# Correct wire size??



## SuperM1952 (4 mo ago)

My daughter has a correct 220 volt receptacle in her garage. The previous owner of the home wired this with a 10 gauge 4 conductor wire for some sort of machinery (woodworking or?). It is 30 feet from panel box and it is protected by a single throw 20 amp 220 breaker. Where am I as far as charging her Model three. Can I charge it with whats there or as I suppose upgrade to what? Thanks for all the help up front Skip.


----------



## NR4P (Jul 14, 2018)

Send a photo of the receptacle so we know what kind of plug is required and we can see if Tesla offers the plug. That is the safe method


----------



## Rub"Y" (4 mo ago)

With 10-4 wire you could change the breaker to a 40 amp and charge at 32 amps. With a 20 amp breaker you shouldn't charge at more than 16 amps ( 80% of breaker rating )


----------



## SuperM1952 (4 mo ago)

NR4P said:


> Send a photo of the receptacle so we know what kind of plug is required and we can see if Tesla offers the plug. That is the safe method


Already got the plug directly from Tesla, It all fits perfect. The more I read it looks like it has to be a number 6 gauge wire and a 60 amp breaker. I can take the receptacle box off the ceiling (previous owner) and move it to the wall and that would cut the run down to 15/20 feet. I am not at her house so I can't get a pic.


----------



## SuperM1952 (4 mo ago)

Rub"Y" said:


> With 10-4 wire you could change the breaker to a 40 amp and charge at 32 amps. With a 20 amp breaker you shouldn't charge at more than 16 amps ( 80% of breaker rating )

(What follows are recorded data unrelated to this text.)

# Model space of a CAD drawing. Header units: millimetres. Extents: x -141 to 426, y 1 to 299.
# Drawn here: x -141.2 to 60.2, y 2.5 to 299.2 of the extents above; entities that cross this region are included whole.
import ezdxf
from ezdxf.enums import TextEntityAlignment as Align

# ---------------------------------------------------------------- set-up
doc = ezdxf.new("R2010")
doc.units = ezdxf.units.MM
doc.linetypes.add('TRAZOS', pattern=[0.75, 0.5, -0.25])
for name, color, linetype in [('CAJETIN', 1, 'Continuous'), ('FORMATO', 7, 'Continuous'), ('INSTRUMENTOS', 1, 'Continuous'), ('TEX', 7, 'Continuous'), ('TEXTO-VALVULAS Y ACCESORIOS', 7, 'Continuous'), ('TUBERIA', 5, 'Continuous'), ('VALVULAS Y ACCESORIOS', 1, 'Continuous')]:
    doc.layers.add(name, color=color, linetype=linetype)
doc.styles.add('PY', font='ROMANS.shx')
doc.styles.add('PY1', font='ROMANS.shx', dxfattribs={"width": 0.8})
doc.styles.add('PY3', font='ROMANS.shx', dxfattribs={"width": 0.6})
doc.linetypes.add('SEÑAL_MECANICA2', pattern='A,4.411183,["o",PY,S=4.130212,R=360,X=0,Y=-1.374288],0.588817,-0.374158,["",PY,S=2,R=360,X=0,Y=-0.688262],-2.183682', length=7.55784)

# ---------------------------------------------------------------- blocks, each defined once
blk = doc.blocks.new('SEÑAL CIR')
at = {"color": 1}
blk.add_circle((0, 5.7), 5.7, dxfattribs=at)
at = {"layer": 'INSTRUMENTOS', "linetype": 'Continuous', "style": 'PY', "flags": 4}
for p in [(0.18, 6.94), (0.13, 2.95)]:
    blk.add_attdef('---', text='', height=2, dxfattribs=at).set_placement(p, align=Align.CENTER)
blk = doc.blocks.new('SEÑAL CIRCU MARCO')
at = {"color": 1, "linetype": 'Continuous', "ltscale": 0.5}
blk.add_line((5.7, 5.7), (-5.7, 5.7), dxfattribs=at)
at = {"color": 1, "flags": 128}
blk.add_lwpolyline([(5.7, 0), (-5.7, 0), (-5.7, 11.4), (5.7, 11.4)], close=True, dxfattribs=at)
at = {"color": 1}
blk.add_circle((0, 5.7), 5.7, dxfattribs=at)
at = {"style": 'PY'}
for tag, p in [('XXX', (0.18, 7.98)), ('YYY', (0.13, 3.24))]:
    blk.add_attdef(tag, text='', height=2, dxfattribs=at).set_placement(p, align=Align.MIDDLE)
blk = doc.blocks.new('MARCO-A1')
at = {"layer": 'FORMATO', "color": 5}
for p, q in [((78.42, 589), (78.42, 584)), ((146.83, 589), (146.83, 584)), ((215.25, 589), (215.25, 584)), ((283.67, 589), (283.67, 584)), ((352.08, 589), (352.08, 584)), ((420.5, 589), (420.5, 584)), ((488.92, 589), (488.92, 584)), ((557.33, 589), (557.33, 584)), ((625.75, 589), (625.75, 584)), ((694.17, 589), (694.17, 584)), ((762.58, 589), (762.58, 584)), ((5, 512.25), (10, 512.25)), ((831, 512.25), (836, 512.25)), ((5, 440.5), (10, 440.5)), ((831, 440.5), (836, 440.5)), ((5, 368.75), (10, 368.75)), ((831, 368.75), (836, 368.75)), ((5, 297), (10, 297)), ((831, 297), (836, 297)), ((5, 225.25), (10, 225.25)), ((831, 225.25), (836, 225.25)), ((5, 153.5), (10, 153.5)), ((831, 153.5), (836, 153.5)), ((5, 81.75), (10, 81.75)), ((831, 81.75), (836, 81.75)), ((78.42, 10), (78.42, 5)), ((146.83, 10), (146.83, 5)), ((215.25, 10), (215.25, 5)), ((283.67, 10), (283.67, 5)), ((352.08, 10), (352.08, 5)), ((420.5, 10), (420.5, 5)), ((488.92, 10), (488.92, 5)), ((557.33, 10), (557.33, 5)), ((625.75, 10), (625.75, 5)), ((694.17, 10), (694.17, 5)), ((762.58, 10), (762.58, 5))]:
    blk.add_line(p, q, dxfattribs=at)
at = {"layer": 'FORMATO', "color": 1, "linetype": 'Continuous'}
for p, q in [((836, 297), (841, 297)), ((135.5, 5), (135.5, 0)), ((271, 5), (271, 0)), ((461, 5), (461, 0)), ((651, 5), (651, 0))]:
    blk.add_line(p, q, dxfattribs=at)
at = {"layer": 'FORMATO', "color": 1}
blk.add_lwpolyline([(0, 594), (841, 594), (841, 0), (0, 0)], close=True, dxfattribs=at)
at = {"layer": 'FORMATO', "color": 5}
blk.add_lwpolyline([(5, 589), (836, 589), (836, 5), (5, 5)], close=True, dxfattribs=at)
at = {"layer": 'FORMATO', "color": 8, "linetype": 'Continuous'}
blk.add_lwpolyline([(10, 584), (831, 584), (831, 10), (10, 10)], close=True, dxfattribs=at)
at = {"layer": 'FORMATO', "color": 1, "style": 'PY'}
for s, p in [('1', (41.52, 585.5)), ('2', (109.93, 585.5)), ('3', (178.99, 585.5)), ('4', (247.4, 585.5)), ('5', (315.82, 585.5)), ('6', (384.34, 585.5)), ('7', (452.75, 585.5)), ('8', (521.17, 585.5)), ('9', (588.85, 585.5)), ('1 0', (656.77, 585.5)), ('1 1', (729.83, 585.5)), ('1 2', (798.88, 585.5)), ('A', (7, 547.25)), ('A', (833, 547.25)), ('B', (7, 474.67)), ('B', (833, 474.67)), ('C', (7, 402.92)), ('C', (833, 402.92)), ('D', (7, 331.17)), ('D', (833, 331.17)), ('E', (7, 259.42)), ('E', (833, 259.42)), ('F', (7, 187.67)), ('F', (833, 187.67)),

So changing the square D breaker to a 40 amp breaker and a charge rate of 32 amps is safe. the wire is jacketed and run through PVC conduit. Since I am DAD GAS,LOL, it seems that you are alluding to the fact that onecan select the charge rate of the tesla somewhere in the computer??? Sorry but I am Tesla ignorant. but.....I think they are the bomb My pockets during retirement are just not as deep as my daughters. Thanks again Skip


----------



## SuperM1952 (4 mo ago)

SuperM1952 said:


> So changing the square D breaker to a 40 amp breaker and a charge rate of 32 amps is safe. the wire is jacketed and run through PVC conduit. Since I am DAD GAS,LOL, it seems that you are alluding to the fact that onecan select the charge rate of the tesla somewhere in the computer??? Sorry but I am Tesla ignorant. but.....I think they are the bomb My pockets during retirement are just not as deep as my daughters. Thanks again Skip


So charging at the 32 amp rate what kind of charge will that give me overnite? I know it will be much greater then the 110/15. She is looking for something that will give her more charge over the 10/12 hour down time while she is home from work.


----------



## shareef777 (Mar 10, 2019)

SuperM1952 said:


> Already got the plug directly from Tesla, It all fits perfect. The more I read it looks like it has to be a number 6 gauge wire and a 60 amp breaker. I can take the receptacle box off the ceiling (previous owner) and move it to the wall and that would cut the run down to 15/20 feet. I am not at her house so I can't get a pic.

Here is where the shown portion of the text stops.